**WHAT YOU WILL DO**
Gather, from the listing beneath this task, every line holding the string "VECTOR".

**EXCERPTED RECORDS**
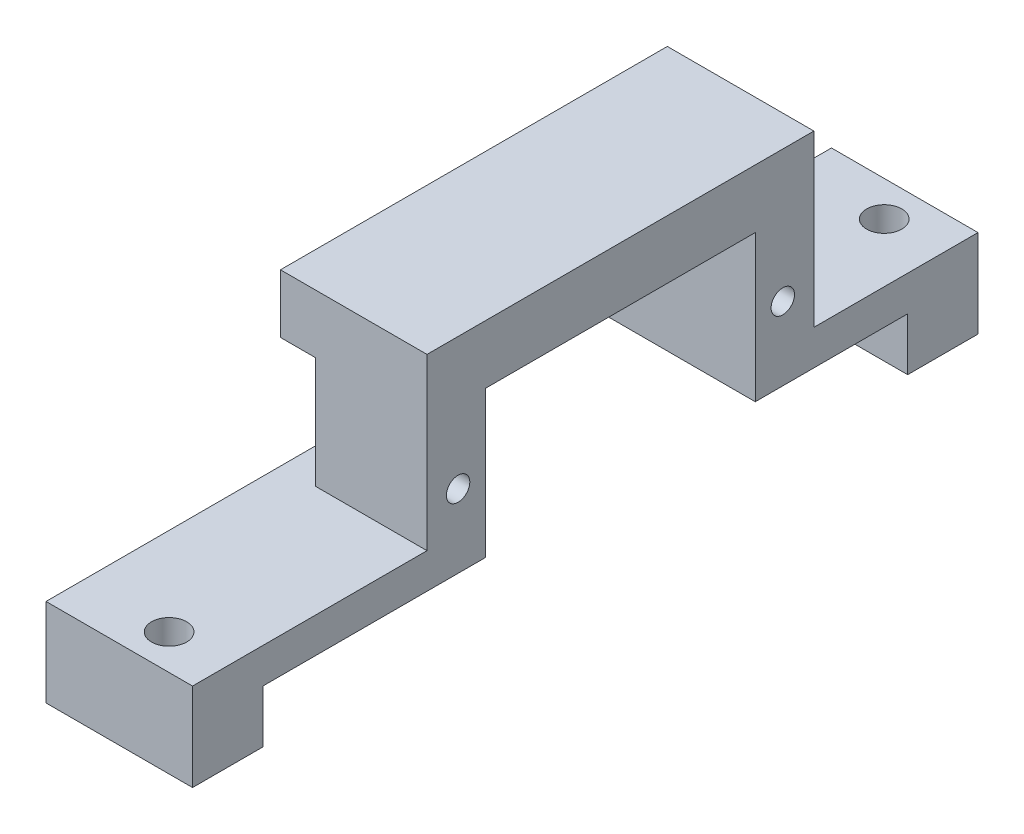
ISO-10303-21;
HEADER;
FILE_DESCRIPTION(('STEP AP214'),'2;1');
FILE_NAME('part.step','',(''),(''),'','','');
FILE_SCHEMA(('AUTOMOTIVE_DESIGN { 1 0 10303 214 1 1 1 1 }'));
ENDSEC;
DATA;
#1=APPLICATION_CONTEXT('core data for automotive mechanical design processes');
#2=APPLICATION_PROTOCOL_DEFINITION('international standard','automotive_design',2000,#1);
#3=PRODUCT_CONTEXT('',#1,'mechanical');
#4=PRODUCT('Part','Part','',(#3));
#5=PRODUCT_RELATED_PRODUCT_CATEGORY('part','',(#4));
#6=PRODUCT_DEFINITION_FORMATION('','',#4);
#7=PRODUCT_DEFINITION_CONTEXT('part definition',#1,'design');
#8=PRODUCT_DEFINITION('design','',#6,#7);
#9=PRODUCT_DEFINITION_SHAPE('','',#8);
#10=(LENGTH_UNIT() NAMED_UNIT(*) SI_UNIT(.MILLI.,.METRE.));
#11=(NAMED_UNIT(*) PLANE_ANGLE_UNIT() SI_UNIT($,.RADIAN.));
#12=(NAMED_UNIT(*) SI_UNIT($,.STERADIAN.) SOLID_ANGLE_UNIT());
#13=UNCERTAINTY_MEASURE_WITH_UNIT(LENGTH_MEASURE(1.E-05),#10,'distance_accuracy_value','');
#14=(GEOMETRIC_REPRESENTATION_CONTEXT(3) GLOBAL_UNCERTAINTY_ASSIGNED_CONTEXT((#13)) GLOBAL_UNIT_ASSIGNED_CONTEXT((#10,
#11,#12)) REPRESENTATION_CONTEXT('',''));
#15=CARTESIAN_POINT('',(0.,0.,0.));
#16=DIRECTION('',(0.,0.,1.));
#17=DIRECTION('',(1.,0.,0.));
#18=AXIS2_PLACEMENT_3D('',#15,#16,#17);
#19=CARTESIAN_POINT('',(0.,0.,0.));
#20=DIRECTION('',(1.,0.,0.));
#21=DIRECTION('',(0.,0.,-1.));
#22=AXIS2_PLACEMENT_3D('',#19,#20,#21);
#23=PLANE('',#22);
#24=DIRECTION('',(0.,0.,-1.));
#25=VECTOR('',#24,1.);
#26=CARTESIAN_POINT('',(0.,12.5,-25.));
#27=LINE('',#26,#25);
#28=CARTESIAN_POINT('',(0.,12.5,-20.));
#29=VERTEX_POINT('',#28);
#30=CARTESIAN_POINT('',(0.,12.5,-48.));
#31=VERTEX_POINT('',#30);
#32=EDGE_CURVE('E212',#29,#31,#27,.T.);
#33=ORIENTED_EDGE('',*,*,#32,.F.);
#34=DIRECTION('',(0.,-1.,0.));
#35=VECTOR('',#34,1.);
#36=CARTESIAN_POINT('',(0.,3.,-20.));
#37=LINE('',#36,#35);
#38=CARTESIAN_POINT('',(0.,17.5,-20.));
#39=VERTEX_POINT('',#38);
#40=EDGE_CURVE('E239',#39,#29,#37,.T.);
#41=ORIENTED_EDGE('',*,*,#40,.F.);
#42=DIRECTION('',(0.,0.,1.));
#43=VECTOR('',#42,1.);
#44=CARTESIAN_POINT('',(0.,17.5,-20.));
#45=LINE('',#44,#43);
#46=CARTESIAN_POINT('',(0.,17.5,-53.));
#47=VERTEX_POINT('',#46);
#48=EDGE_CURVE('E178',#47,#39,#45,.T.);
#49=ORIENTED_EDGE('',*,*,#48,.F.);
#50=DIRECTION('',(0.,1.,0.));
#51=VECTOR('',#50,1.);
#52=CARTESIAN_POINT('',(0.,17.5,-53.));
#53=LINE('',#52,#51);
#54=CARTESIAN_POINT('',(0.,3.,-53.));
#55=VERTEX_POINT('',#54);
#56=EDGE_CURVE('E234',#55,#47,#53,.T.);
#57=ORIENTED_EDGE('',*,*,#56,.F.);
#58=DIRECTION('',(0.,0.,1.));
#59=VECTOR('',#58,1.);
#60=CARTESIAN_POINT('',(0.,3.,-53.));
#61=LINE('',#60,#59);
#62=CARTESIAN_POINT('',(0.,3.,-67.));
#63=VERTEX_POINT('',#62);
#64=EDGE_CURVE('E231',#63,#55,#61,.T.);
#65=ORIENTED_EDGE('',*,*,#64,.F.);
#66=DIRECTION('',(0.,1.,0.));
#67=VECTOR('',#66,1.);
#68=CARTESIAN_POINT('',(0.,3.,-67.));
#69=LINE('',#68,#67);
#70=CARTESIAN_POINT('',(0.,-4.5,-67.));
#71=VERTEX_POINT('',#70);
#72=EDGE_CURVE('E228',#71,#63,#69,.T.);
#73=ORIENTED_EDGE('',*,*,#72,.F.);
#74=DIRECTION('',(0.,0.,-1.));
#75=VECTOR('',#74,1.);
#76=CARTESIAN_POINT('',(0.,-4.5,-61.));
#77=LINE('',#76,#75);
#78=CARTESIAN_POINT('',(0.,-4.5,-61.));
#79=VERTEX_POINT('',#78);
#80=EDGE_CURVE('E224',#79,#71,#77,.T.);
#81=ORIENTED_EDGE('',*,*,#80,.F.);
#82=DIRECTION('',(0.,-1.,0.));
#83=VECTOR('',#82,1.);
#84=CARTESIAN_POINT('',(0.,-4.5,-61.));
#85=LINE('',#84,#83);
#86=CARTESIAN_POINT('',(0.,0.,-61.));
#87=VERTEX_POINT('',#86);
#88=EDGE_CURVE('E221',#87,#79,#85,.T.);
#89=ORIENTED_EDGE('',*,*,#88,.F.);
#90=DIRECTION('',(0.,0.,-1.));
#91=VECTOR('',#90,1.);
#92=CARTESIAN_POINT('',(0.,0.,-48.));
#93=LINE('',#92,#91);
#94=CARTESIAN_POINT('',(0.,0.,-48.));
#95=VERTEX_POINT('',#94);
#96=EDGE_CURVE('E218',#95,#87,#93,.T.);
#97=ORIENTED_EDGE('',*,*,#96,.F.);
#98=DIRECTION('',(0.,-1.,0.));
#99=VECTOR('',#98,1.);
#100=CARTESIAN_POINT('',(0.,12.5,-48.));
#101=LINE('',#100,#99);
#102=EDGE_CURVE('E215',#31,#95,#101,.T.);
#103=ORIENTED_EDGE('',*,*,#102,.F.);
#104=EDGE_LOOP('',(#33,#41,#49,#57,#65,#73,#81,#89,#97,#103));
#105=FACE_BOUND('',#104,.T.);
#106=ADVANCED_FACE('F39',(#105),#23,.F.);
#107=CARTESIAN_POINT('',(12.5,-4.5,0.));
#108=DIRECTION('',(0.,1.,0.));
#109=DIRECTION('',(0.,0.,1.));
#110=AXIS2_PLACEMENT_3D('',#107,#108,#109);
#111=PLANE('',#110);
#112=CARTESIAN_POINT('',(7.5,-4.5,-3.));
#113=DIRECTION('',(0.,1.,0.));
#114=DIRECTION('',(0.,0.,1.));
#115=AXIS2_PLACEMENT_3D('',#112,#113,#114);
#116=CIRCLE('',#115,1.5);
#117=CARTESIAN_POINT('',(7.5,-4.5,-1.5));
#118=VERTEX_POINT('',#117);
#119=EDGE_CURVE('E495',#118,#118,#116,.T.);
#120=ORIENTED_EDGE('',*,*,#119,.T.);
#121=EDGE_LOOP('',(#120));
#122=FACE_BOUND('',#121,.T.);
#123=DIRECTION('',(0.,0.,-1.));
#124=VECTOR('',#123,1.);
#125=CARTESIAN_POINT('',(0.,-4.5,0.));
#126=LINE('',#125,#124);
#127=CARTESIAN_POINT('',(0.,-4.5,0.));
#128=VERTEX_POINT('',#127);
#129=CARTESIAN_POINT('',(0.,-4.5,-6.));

**EXPECTED ANSWER**
#25=VECTOR('',#24,1.);
#35=VECTOR('',#34,1.);
#43=VECTOR('',#42,1.);
#51=VECTOR('',#50,1.);
#59=VECTOR('',#58,1.);
#67=VECTOR('',#66,1.);
#75=VECTOR('',#74,1.);
#83=VECTOR('',#82,1.);
#91=VECTOR('',#90,1.);
#99=VECTOR('',#98,1.);
#124=VECTOR('',#123,1.);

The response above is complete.